Francesco Bianchini focused on how digital tools and devices extend our bodies. The virtual body, participated in by institutions and statistically connected with other virtual bodies, would combine with the real body to form a whole extended body, subject to a new kind of manipulation and control. What changes should we expect to arise from such developments? Would they be able to influence our bodily responses to external stimuli, both environmental and social? Most likely, biomedical scientific research will benefit from the rise of such frameworks, which are in turn allowed by parallel research in cognitive science and epistemology, where human and non-human elements closely coexist.

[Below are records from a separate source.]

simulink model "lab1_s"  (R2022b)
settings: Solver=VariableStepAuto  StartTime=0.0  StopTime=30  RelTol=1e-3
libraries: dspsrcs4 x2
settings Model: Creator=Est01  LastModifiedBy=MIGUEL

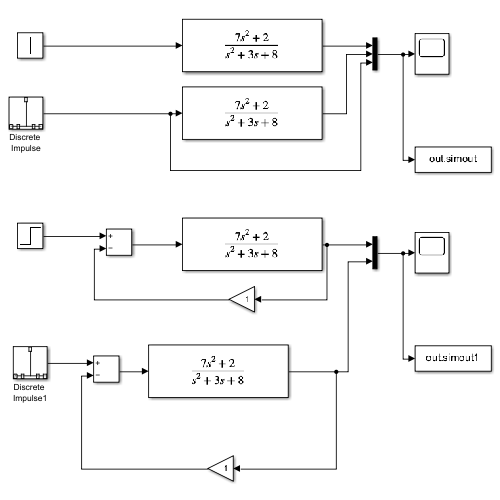
[thumbnail: Simulink's stored preview of the top-level diagram]
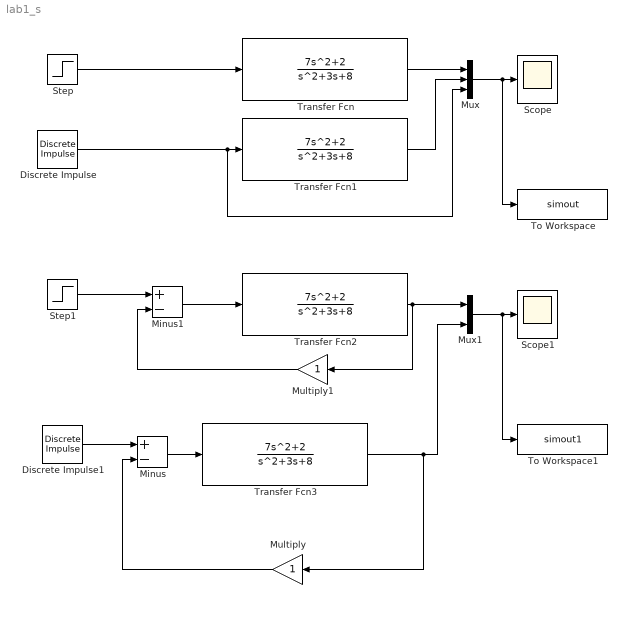
== system lab1_s ==
  Discrete Impulse : dspsrcs4/Discrete  Impulse  Delay=0  SampleTime=0.1  FrameSample=1  OutputFrames=off  dataType=double  isSigned=on  wordLen=16  udDataType=sfix(16)  fracBitsMode=Best precision  numFracBits=15  OutDataTypeStr=double  LastOutDataTypeStr=double
  Discrete Impulse1 : dspsrcs4/Discrete  Impulse  Delay=0  SampleTime=0.1  FrameSample=1  OutputFrames=off  dataType=double  isSigned=on  wordLen=16  udDataType=sfix(16)  fracBitsMode=Best precision  numFracBits=15  OutDataTypeStr=double  LastOutDataTypeStr=double
  Minus : Sum  Inputs=+-
  Minus1 : Sum  Inputs=+-
  Multiply : Gain
  Multiply1 : Gain
  Mux : Mux  Inputs=3
  Mux1 : Mux  Inputs=2
  Scope : Scope
  Scope1 : Scope
  Step : Step  Time=0  SampleTime=0
  Step1 : Step  Time=0  SampleTime=0
  To Workspace : ToWorkspace  VariableName=simout  SaveFormat=Structure With Time  SampleTime=-1
  To Workspace1 : ToWorkspace  VariableName=simout1  SaveFormat=Structure With Time  SampleTime=-1
  Transfer Fcn{,1..3} (4 alike) : TransferFcn  Numerator=[7 0 2]  Denominator=[1 3 8]
  wires:
  Transfer Fcn/1 -> Mux/1
  Mux/1 -> To Workspace/1, Scope/1
  Step/1 -> Transfer Fcn/1
  Discrete Impulse/1 -> Mux/3, Transfer Fcn1/1
  Transfer Fcn1/1 -> Mux/2
  Mux1/1 -> To Workspace1/1, Scope1/1
  Transfer Fcn3/1 -> Multiply/1, Mux1/2
  Transfer Fcn2/1 -> Multiply1/1, Mux1/1
  Multiply/1 -> Minus/2
  Discrete Impulse1/1 -> Minus/1
  Minus/1 -> Transfer Fcn3/1
  Multiply1/1 -> Minus1/2
  Step1/1 -> Minus1/1
  Minus1/1 -> Transfer Fcn2/1

Benjamin Hurlbut explored how biosciences have configured biotechnology as aligning with rather than violating the human. He examined three registers in which these modes have played out in the history of biotechnology: in characterizing and governing risk, in programmatic conceptual reorienting of biological knowledge’s purpose (from ontological description to forms of control); and in debating the appropriate conceptual and discursive starting-point for the evaluation of the potential of biologically transformative techniques to serve rather than violate human integrity. These sites are consequential not only for the practical and normative character of the biosciences, but as loci in which socially shared imaginations of human integrity are at stake—and with them the capacity to ask whether and in what ways science remains human.

Alfredo Marcos asserted that ideologizing and dehumanizing techno-science rely on an oversimplified ontology and a misguided anthropology. Marcos champions reversing the process and stressing the indispensable role of the person in the production of techno-science.  Techno-science, he claims, makes sense and becomes valuable within a wider human horizon. Its dehumanization, on the contrary, condemns it to stupidity and sterility, and probably in the end to its own decadence or demise.

The final discussion revealed the need for humble, self-reflexivity training. Mariachiara Tallacchini suggested constructing public discursive ‘routes’ to create conditions for a public debate about transparency, openness and participatory design in order to gain knowledge relevant to decision making and the democratization of science. So, to keep science-and-society human does not necessarily require redefining ‘human nature,’ but rather cultivating the human capabilities we wish to maintain.